The majority of the surface is covered by plains.
The illumination of Titan’s surface during the day is only 1% of Earth’s. This sounds very dim, but in fact it isn’t. Being around ten times Earth’s distance from the Sun, Titan already receives only a hundredth of the sunlight we get per unit area. Nine-tenths even of this is filtered out by the smog. The photo from ground level taken by the Huygens lander gives a fair impression of the murkiness as it would be seen by someone coming out of the kind of sunlight we experience on Earth, but it should also be remembered that the Sun is around sixty thousand times brighter than Cynthia at maximum brightness, so this is like a world with sixty “full moons” in its sky, and nobody could call that dim. The chances are you wouldn’t even notice after a while, although it would be overcast.

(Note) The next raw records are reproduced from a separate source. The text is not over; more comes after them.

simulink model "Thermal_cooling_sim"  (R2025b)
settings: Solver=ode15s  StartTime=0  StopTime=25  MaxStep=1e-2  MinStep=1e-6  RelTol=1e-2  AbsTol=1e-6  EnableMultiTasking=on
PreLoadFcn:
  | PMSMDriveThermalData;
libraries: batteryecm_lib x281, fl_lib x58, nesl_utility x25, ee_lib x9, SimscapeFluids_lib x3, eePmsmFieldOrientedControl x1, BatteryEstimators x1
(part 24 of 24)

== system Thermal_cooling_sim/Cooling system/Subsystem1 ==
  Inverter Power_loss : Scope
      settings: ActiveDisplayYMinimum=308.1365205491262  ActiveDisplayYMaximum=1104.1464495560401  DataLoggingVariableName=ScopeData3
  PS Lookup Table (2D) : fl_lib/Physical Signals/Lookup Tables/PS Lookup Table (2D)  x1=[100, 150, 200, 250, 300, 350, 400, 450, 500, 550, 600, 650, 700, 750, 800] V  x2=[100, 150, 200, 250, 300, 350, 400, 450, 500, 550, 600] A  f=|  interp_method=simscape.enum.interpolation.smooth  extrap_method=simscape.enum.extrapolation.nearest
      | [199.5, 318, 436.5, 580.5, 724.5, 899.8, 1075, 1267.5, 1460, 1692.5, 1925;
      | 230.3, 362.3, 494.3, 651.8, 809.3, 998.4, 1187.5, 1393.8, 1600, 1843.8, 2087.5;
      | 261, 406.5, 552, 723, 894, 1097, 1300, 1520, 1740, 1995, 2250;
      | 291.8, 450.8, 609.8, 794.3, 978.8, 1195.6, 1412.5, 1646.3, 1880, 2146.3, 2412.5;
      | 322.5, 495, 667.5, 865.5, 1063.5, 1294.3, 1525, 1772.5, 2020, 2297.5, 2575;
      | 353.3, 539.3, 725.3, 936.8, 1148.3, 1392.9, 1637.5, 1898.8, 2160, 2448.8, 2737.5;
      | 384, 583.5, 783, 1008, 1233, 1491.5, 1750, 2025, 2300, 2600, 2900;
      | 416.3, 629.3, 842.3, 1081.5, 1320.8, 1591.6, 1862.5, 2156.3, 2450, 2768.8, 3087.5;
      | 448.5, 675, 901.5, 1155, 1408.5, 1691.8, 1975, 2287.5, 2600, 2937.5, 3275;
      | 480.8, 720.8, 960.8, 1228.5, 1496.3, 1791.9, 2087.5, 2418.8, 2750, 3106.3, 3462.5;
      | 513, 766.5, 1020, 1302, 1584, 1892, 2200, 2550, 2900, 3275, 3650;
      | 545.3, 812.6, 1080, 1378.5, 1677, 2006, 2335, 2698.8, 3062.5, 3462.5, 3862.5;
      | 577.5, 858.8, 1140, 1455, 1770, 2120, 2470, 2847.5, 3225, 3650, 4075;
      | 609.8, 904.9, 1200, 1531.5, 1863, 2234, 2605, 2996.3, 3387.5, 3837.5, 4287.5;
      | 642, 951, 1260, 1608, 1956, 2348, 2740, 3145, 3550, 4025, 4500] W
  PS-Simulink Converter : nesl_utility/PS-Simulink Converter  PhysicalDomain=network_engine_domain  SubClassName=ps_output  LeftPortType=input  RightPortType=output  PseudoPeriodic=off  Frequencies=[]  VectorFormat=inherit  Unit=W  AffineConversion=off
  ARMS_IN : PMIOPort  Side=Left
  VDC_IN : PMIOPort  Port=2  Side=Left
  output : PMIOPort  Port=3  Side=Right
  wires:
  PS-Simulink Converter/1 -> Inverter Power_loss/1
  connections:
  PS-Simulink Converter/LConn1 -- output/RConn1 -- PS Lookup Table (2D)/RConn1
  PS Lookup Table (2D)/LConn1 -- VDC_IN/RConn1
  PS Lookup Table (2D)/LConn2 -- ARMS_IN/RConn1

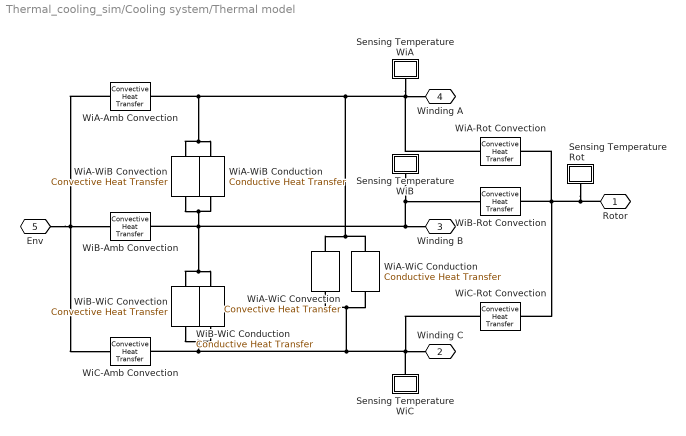
== system Thermal_cooling_sim/Cooling system/Thermal model ==
  Sensing Temperature Rot : Subsystem
      mask Display: disp('TR')
  Sensing Temperature WiA : Subsystem
      mask Display: disp('TA')
  Sensing Temperature WiB : Subsystem
      mask Display: disp('TB')
  Sensing Temperature WiC : Subsystem
      mask Display: disp('TC')
  WiA-Amb Convection : fl_lib/Thermal/Thermal Elements/Convective Heat Transfer  thermal_type=foundation.enum.constant_variable.constant  area=0.1 m^2  heat_tr_coeff=20 W/(m^2 * K)  min_heat_tr_coeff=1e-3 W/(K*m^2)  T_specify=off  T_priority=None  T=0 K  T_nominal_specify=off  T_nominal_value=1  T_nominal_unit=K  Q_specify=off  Q_priority=None  Q=0 J/s  Q_nominal_specify=off  Q_nominal_value=1  Q_nominal_unit=J/s
  WiA-Rot Convection : fl_lib/Thermal/Thermal Elements/Convective Heat Transfer  thermal_type=foundation.enum.constant_variable.constant  area=0.02 m^2  heat_tr_coeff=200 W/(m^2 * K)  min_heat_tr_coeff=1e-3 W/(K*m^2)  T_specify=off  T_priority=None  T=0 K  T_nominal_specify=off  T_nominal_value=1  T_nominal_unit=K  Q_specify=off  Q_priority=None  Q=0 J/s  Q_nominal_specify=off  Q_nominal_value=1  Q_nominal_unit=J/s
  WiA-WiB Conduction : fl_lib/Thermal/Thermal Elements/Conductive Heat Transfer  thermal_type=foundation.enum.ConstantVariableTabulated.Constant  wall_geometry=foundation.enum.ConductionWallGeometry.Planar  area=0.002 m^2  thickness=0.1 m  d_in=0.05 m  d_out=0.1 m  L=1 m  th_cond_min=10 W/(K*m)  th_cond=80 W/(m*K)  th_cond_TLU=[413, 401, 392, 383, 371, 357, 342] W/(K*m)  temp_TLU=[200, 273, 400, 600, 800, 1000, 1200] K  T_specify=off  T_priority=None  T=0 K  T_nominal_specify=off  T_nominal_value=1  T_nominal_unit=K  Q_specify=off  Q_priority=None  Q=0 J/s  Q_nominal_specify=off  Q_nominal_value=1  Q_nominal_unit=J/s
  WiA-WiB Convection : fl_lib/Thermal/Thermal Elements/Convective Heat Transfer  thermal_type=foundation.enum.constant_variable.constant  area=0.004 m^2  heat_tr_coeff=200 W/(m^2 * K)  min_heat_tr_coeff=1e-3 W/(K*m^2)  T_specify=off  T_priority=None  T=0 K  T_nominal_specify=off  T_nominal_value=1  T_nominal_unit=K  Q_specify=off  Q_priority=None  Q=0 J/s  Q_nominal_specify=off  Q_nominal_value=1  Q_nominal_unit=J/s
  WiA-WiC Conduction : fl_lib/Thermal/Thermal Elements/Conductive Heat Transfer  thermal_type=foundation.enum.ConstantVariableTabulated.Constant  wall_geometry=foundation.enum.ConductionWallGeometry.Planar  area=0.002 m^2  thickness=0.1 m  d_in=0.05 m  d_out=0.1 m  L=1 m  th_cond_min=10 W/(K*m)  th_cond=80 W/(m*K)  th_cond_TLU=[413, 401, 392, 383, 371, 357, 342] W/(K*m)  temp_TLU=[200, 273, 400, 600, 800, 1000, 1200] K  T_specify=off  T_priority=None  T=0 K  T_nominal_specify=off  T_nominal_value=1  T_nominal_unit=K  Q_specify=off  Q_priority=None  Q=0 J/s  Q_nominal_specify=off  Q_nominal_value=1  Q_nominal_unit=J/s
  WiA-WiC Convection : fl_lib/Thermal/Thermal Elements/Convective Heat Transfer  thermal_type=foundation.enum.constant_variable.constant  area=0.004 m^2  heat_tr_coeff=200 W/(m^2 * K)  min_heat_tr_coeff=1e-3 W/(K*m^2)  T_specify=off  T_priority=None  T=0 K  T_nominal_specify=off  T_nominal_value=1  T_nominal_unit=K  Q_specify=off  Q_priority=None  Q=0 J/s  Q_nominal_specify=off  Q_nominal_value=1  Q_nominal_unit=J/s
  WiB-Amb Convection : fl_lib/Thermal/Thermal Elements/Convective Heat Transfer  thermal_type=foundation.enum.constant_variable.constant  area=0.1 m^2  heat_tr_coeff=20 W/(m^2 * K)  min_heat_tr_coeff=1e-3 W/(K*m^2)  T_specify=off  T_priority=None  T=0 K  T_nominal_specify=off  T_nominal_value=1  T_nominal_unit=K  Q_specify=off  Q_priority=None  Q=0 J/s  Q_nominal_specify=off  Q_nominal_value=1  Q_nominal_unit=J/s
  WiB-Rot Convection : fl_lib/Thermal/Thermal Elements/Convective Heat Transfer  thermal_type=foundation.enum.constant_variable.constant  area=0.02 m^2  heat_tr_coeff=200 W/(m^2 * K)  min_heat_tr_coeff=1e-3 W/(K*m^2)  T_specify=off  T_priority=None  T=0 K  T_nominal_specify=off  T_nominal_value=1  T_nominal_unit=K  Q_specify=off  Q_priority=None  Q=0 J/s  Q_nominal_specify=off  Q_nominal_value=1  Q_nominal_unit=J/s
  WiB-WiC Conduction : fl_lib/Thermal/Thermal Elements/Conductive Heat Transfer  thermal_type=foundation.enum.ConstantVariableTabulated.Constant  wall_geometry=foundation.enum.ConductionWallGeometry.Planar  area=0.002 m^2  thickness=0.1 m  d_in=0.05 m  d_out=0.1 m  L=1 m  th_cond_min=10 W/(K*m)  th_cond=80 W/(m*K)  th_cond_TLU=[413, 401, 392, 383, 371, 357, 342] W/(K*m)  temp_TLU=[200, 273, 400, 600, 800, 1000, 1200] K  T_specify=off  T_priority=None  T=0 K  T_nominal_specify=off  T_nominal_value=1  T_nominal_unit=K  Q_specify=off  Q_priority=None  Q=0 J/s  Q_nominal_specify=off  Q_nominal_value=1  Q_nominal_unit=J/s
  WiB-WiC Convection : fl_lib/Thermal/Thermal Elements/Convective Heat Transfer  thermal_type=foundation.enum.constant_variable.constant  area=0.004 m^2  heat_tr_coeff=200 W/(m^2 * K)  min_heat_tr_coeff=1e-3 W/(K*m^2)  T_specify=off  T_priority=None  T=0 K  T_nominal_specify=off  T_nominal_value=1  T_nominal_unit=K  Q_specify=off  Q_priority=None  Q=0 J/s  Q_nominal_specify=off  Q_nominal_value=1  Q_nominal_unit=J/s
  WiC-Amb Convection : fl_lib/Thermal/Thermal Elements/Convective Heat Transfer  thermal_type=foundation.enum.constant_variable.constant  area=0.1 m^2  heat_tr_coeff=20 W/(m^2 * K)  min_heat_tr_coeff=1e-3 W/(K*m^2)  T_specify=off  T_priority=None  T=0 K  T_nominal_specify=off  T_nominal_value=1  T_nominal_unit=K  Q_specify=off  Q_priority=None  Q=0 J/s  Q_nominal_specify=off  Q_nominal_value=1  Q_nominal_unit=J/s
  WiC-Rot Convection : fl_lib/Thermal/Thermal Elements/Convective Heat Transfer  thermal_type=foundation.enum.constant_variable.constant  area=0.02 m^2  heat_tr_coeff=200 W/(m^2 * K)  min_heat_tr_coeff=1e-3 W/(K*m^2)  T_specify=off  T_priority=None  T=0 K  T_nominal_specify=off  T_nominal_value=1  T_nominal_unit=K  Q_specify=off  Q_priority=None  Q=0 J/s  Q_nominal_specify=off  Q_nominal_value=1  Q_nominal_unit=J/s
  Rotor : PMIOPort  Side=Left
  Winding C : PMIOPort  Port=2  Side=Right
  Winding B : PMIOPort  Port=3  Side=Right
  Winding A : PMIOPort  Port=4  Side=Right
  Env : PMIOPort  Port=5  Side=Left
  connections:
  WiA-Rot Convection/RConn1 -- WiA-WiC Conduction/RConn1 -- WiA-WiC Convection/RConn1 -- WiA-WiB Convection/LConn1 -- WiA-WiB Conduction/LConn1 -- WiA-Amb Convection/LConn1 -- Sensing Temperature WiA/LConn1 -- Winding A/RConn1
  Rotor/RConn1 -- Sensing Temperature Rot/LConn1 -- WiC-Rot Convection/LConn1 -- WiB-Rot Convection/LConn1 -- WiA-Rot Convection/LConn1
  WiA-WiB Convection/RConn1 -- WiA-WiB Conduction/RConn1 -- Sensing Temperature WiB/LConn1 -- WiB-Rot Convection/RConn1 -- Winding B/RConn1 -- WiB-Amb Convection/LConn1 -- WiB-WiC Conduction/LConn1 -- WiB-WiC Convection/LConn1
  WiC-Rot Convection/RConn1 -- Winding C/RConn1 -- WiB-WiC Conduction/RConn1 -- WiB-WiC Convection/RConn1 -- WiC-Amb Convection/LConn1 -- WiA-WiC Convection/LConn1 -- WiA-WiC Conduction/LConn1 -- Sensing Temperature WiC/LConn1
  WiA-Amb Convection/RConn1 -- Env/RConn1 -- WiC-Amb Convection/RConn1 -- WiB-Amb Convection/RConn1

== system Thermal_cooling_sim/Throttle controller/ Torque Reference ==
  Throtte Positon : Inport  Unit=km/hr
  Constant : Constant  Value=240
  Divide : Product  Inputs=*/
  From Workspace : FromWorkspace  Commented=on  VariableName=Current_Matrix
  Gain : Gain  Gain=0.57735026919
  Gain1 : Gain  Gain=0.83
  Product : Product
  Torque ref : Scope
      settings: ActiveDisplayYMinimum=-13.959117073448896  ActiveDisplayYMaximum=125.63205366104009  DataLoggingVariableName=ScopeData11
  percentage : Constant  Value=100
  Motortrqref : Outport  Unit=rpm  VectorParamsAs1DForOutWhenUnconnected=off
  wires:
  Throtte Positon/1 -> Divide/1
  percentage/1 -> Divide/2
  Divide/1 -> Product/2
  Constant/1 -> Product/1
  Product/1 -> Gain/1
  Gain/1 -> Gain1/1
  Gain1/1 -> Torque ref/1, Motortrqref/1

== system Thermal_cooling_sim/Throttle controller/Control ==
  note: Is Pressure an output?
  Torque Ref : Inport
  motorspd : Inport  Port=2
  bus voltage : Inport  Port=3
  SOC : Inport  Port=4
  20Hz Lowpass Filter : TransferFcn  Denominator=[1/(2*pi*20) 1]
  Cmd Torque : Scope
      settings: ActiveDisplayYMinimum=-13.959117072781753  ActiveDisplayYMaximum=125.6320536550358
  Motor Torque : Subsystem
  MotCmdTrq : Outport
  wires:
  Motor Torque/1(motTrq) -> 20Hz Lowpass Filter/1  "MotCmdTrq"
  SOC/1 -> Motor Torque/2(SOC)
  bus voltage/1 -> Motor Torque/3(bus voltage)
  motorspd/1 -> Motor Torque/4(motorspd)
  Torque Ref/1 -> Motor Torque/1(trqReq)
  20Hz Lowpass Filter/1 -> Cmd Torque/1, MotCmdTrq/1  "Motor Speed"

== system Thermal_cooling_sim/Cooling system/Cooling system /Sensing Temperature Inverter ==
  PS-Simulink Converter : nesl_utility/PS-Simulink Converter  PhysicalDomain=network_engine_domain  SubClassName=ps_output  LeftPortType=input  RightPortType=output  PseudoPeriodic=off  Frequencies=[]  VectorFormat=1-D array  Unit=degC  AffineConversion=on
  Temperature Sensor : fl_lib/Thermal/Thermal Sensors/Temperature Sensor  temperature_measure=foundation.enum.MeasurementReference.difference
  ThRef : fl_lib/Thermal/Thermal Elements/Thermal Reference
  H : PMIOPort  Side=Left
  Cooling Inverter : Outport
  wires:
  PS-Simulink Converter/1 -> Cooling Inverter/1
  connections:
  ThRef/LConn1 -- Temperature Sensor/RConn1
  H/RConn1 -- Temperature Sensor/LConn1
  Temperature Sensor/RConn2 -- PS-Simulink Converter/LConn1

== system Thermal_cooling_sim/Cooling system/Cooling system /Sensing Temperature Inverter1 ==
  PS-Simulink Converter : nesl_utility/PS-Simulink Converter  PhysicalDomain=network_engine_domain  SubClassName=ps_output  LeftPortType=input  RightPortType=output  PseudoPeriodic=off  Frequencies=[]  VectorFormat=1-D array  Unit=degC  AffineConversion=on
  Temperature Sensor : fl_lib/Thermal/Thermal Sensors/Temperature Sensor  temperature_measure=foundation.enum.MeasurementReference.difference
  ThRef : fl_lib/Thermal/Thermal Elements/Thermal Reference
  H : PMIOPort  Side=Left
  Cooling motor : Outport
  wires:
  PS-Simulink Converter/1 -> Cooling motor/1
  connections:
  ThRef/LConn1 -- Temperature Sensor/RConn1
  H/RConn1 -- Temperature Sensor/LConn1
  Temperature Sensor/RConn2 -- PS-Simulink Converter/LConn1

== system Thermal_cooling_sim/Cooling system/Cooling system /Subsystem ==
  "Motor Temp " : Scope
      settings: ActiveDisplayYMinimum=24.711691624047347  ActiveDisplayYMaximum=27.2437474538107  DataLoggingVariableName=ScopeData2
  PS-Simulink Converter : nesl_utility/PS-Simulink Converter  PhysicalDomain=network_engine_domain  SubClassName=ps_output  LeftPortType=input  RightPortType=output  PseudoPeriodic=off  Frequencies=[]  VectorFormat=inherit  Unit=degC  AffineConversion=on
  Temperature Sensor : fl_lib/Thermal/Thermal Sensors/Temperature Sensor  temperature_measure=foundation.enum.MeasurementReference.difference
  Thermal Reference : fl_lib/Thermal/Thermal Elements/Thermal Reference
  Conn1 : PMIOPort  Side=Left
  wires:
  PS-Simulink Converter/1 -> "Motor Temp "/1  "Motor Temperature"
  connections:
  Temperature Sensor/LConn1 -- Conn1/RConn1
  Thermal Reference/LConn1 -- Temperature Sensor/RConn1
  PS-Simulink Converter/LConn1 -- Temperature Sensor/RConn2

== system Thermal_cooling_sim/Cooling system/Thermal model/Sensing Temperature Rot ==
  PS-Simulink Converter : nesl_utility/PS-Simulink Converter  PhysicalDomain=network_engine_domain  SubClassName=ps_output  LeftPortType=input  RightPortType=output  PseudoPeriodic=off  Frequencies=[]  VectorFormat=1-D array  Unit=degC  AffineConversion=on
  Temperature Sensor : fl_lib/Thermal/Thermal Sensors/Temperature Sensor  temperature_measure=foundation.enum.MeasurementReference.difference
  ThRef : fl_lib/Thermal/Thermal Elements/Thermal Reference
  H : PMIOPort  Side=Left
  tag scope: TR=global
  wires:
  PS-Simulink Converter/1 -> [TR]
  connections:
  Temperature Sensor/RConn2 -- PS-Simulink Converter/LConn1
  ThRef/LConn1 -- Temperature Sensor/RConn1
  H/RConn1 -- Temperature Sensor/LConn1

== system Thermal_cooling_sim/Cooling system/Thermal model/Sensing Temperature WiA ==
  PS-Simulink Converter : nesl_utility/PS-Simulink Converter  PhysicalDomain=network_engine_domain  SubClassName=ps_output  LeftPortType=input  RightPortType=output  PseudoPeriodic=off  Frequencies=[]  VectorFormat=1-D array  Unit=degC  AffineConversion=on
  Temperature Sensor : fl_lib/Thermal/Thermal Sensors/Temperature Sensor  temperature_measure=foundation.enum.MeasurementReference.difference
  ThRef : fl_lib/Thermal/Thermal Elements/Thermal Reference
  H : PMIOPort  Side=Left
  tag scope: TA=global
  wires:
  PS-Simulink Converter/1 -> [TA]
  connections:
  H/RConn1 -- Temperature Sensor/LConn1
  ThRef/LConn1 -- Temperature Sensor/RConn1
  Temperature Sensor/RConn2 -- PS-Simulink Converter/LConn1

== system Thermal_cooling_sim/Cooling system/Thermal model/Sensing Temperature WiB ==
  PS-Simulink Converter : nesl_utility/PS-Simulink Converter  PhysicalDomain=network_engine_domain  SubClassName=ps_output  LeftPortType=input  RightPortType=output  PseudoPeriodic=off  Frequencies=[]  VectorFormat=1-D array  Unit=degC  AffineConversion=on
  Temperature Sensor : fl_lib/Thermal/Thermal Sensors/Temperature Sensor  temperature_measure=foundation.enum.MeasurementReference.difference
  ThRef : fl_lib/Thermal/Thermal Elements/Thermal Reference
  H : PMIOPort  Side=Left
  tag scope: TB=global
  wires:
  PS-Simulink Converter/1 -> [TB]
  connections:
  ThRef/LConn1 -- Temperature Sensor/RConn1
  H/RConn1 -- Temperature Sensor/LConn1
  Temperature Sensor/RConn2 -- PS-Simulink Converter/LConn1

== system Thermal_cooling_sim/Cooling system/Thermal model/Sensing Temperature WiC ==
  PS-Simulink Converter : nesl_utility/PS-Simulink Converter  PhysicalDomain=network_engine_domain  SubClassName=ps_output  LeftPortType=input  RightPortType=output  PseudoPeriodic=off  Frequencies=[]  VectorFormat=1-D array  Unit=degC  AffineConversion=on
  Temperature Sensor : fl_lib/Thermal/Thermal Sensors/Temperature Sensor  temperature_measure=foundation.enum.MeasurementReference.difference
  ThRef : fl_lib/Thermal/Thermal Elements/Thermal Reference
  H : PMIOPort  Side=Left
  tag scope: TC=global
  wires:
  PS-Simulink Converter/1 -> [TC]
  connections:
  H/RConn1 -- Temperature Sensor/LConn1
  ThRef/LConn1 -- Temperature Sensor/RConn1
  Temperature Sensor/RConn2 -- PS-Simulink Converter/LConn1

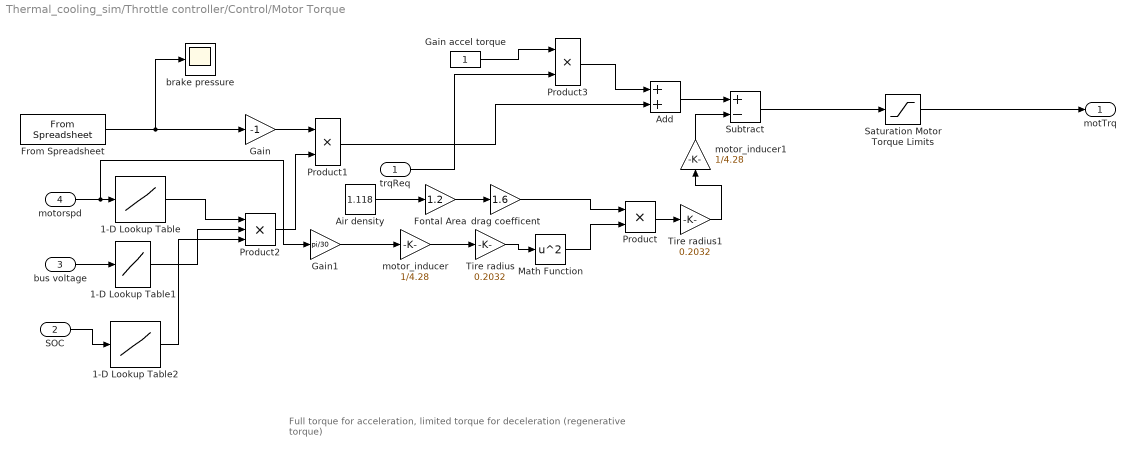
== system Thermal_cooling_sim/Throttle controller/Control/Motor Torque ==
  note: Full torque for acceleration,
      | limited torque for deceleration (regenerative torque)
  trqReq : Inport
  SOC : Inport  Port=2
  bus voltage : Inport  Port=3
  motorspd : Inport  Port=4
  1-D Lookup Table : Lookup_n-D  NumberOfTableDimensions=1  BreakpointsForDimension1=[0,8,15,999]  Table=[0,0,1,1]  InternalRulePriority=Speed  RndMeth=Simplest
  1-D Lookup Table1 : Lookup_n-D  NumberOfTableDimensions=1  BreakpointsForDimension1=[0,540,560,999]  Table=[1,1,0,0]  InternalRulePriority=Speed  RndMeth=Simplest
  1-D Lookup Table2 : Lookup_n-D  NumberOfTableDimensions=1  BreakpointsForDimension1=[0,0.8,0.95,1]  Table=[1,1,0,0]  InternalRulePriority=Speed  RndMeth=Simplest
  Add : Sum
  Air density : Constant  Value=1.118
  Fontal Area : Gain  Gain=1.2
  From Spreadsheet : FromSpreadsheet  FileName=/Users/muizz_1/Documents/E27-Tractive-system-MATLAB-model-/Models/E25_Run1.xls  SheetName=Brake
  Gain : Gain  Gain=-1
  Gain accel torque : Constant
  Gain1 : Gain  Gain=pi/30
  Math Function : Math  Operator=square
  Product : Product
  Product1 : Product
  Product2 : Product  Inputs=3
  Product3 : Product
  Saturation Motor Torque Limits : Saturate  UpperLimit=150  LowerLimit=-150  ZeroCross=off
  Subtract : Sum  Inputs=+-
  Tire radius : Gain  Gain=0.2032
  Tire radius1 : Gain  Gain=0.2032
  brake pressure : Scope
      settings: ActiveDisplayYMinimum=-30.006488969158148  ActiveDisplayYMaximum=54.0625428368765  DataLoggingVariableName=ScopeData10
  drag coefficent : Gain  Gain=1.6
  motor_inducer : Gain  Gain=1/4.28
  motor_inducer1 : Gain  Gain=1/4.28
  motTrq : Outport
  wires:
  Saturation Motor Torque Limits/1 -> motTrq/1
  From Spreadsheet/1 -> brake pressure/1, Gain/1
  Gain/1 -> Product1/1
  SOC/1 -> 1-D Lookup Table2/1
  bus voltage/1 -> 1-D Lookup Table1/1
  1-D Lookup Table/1 -> Product2/1
  1-D Lookup Table1/1 -> Product2/2
  1-D Lookup Table2/1 -> Product2/3
  Product2/1 -> Product1/2
  Product1/1 -> Add/2
  Gain accel torque/1 -> Product3/1
  trqReq/1 -> Product3/2
  Product3/1 -> Add/1
  Add/1 -> Subtract/1
  Subtract/1 -> Saturation Motor Torque Limits/1
  Air density/1 -> Fontal Area/1
  Fontal Area/1 -> drag coefficent/1
  motorspd/1 -> Gain1/1, 1-D Lookup Table/1
  motor_inducer/1 -> Tire radius/1
  Tire radius/1 -> Math Function/1
  Math Function/1 -> Product/2
  drag coefficent/1 -> Product/1
  Tire radius1/1 -> motor_inducer1/1
  Product/1 -> Tire radius1/1
  motor_inducer1/1 -> Subtract/2
  Gain1/1 -> motor_inducer/1

There may be clathrate hydrates in the makeup of the crust. These are also present at the bottom of the sea on Earth, and consist of ice which has “imprisoned” methane molecules in its own molecular cages. On Earth, these present a potential major risk of climate change because methane is such a powerful greenhouse gas that it could raise global temperatures catastrophically. On Titan, this is not an issue due to the low temperature.
The crust is around 150 kilometres thick, which makes the kind of missions suggested to Europa’s or Enceladus’s internal oceans less feasible in Titan’s case. Beneath the ocean, the same kind of process may be occurring as is apparent in the depths of Ganymede, with unusual (for us) allotropes of ice such as the cubic form. On the ocean bed there is probably hydroxide “mud” on top of a large rocky globe.
I feel this is such a huge and involved subject that although there’s still a lot I haven’t covered, some of which is very important, I’m going to stop here. Just be aware that Titan is in some ways as sophisticated and complex as Earth and is far more than just another moon.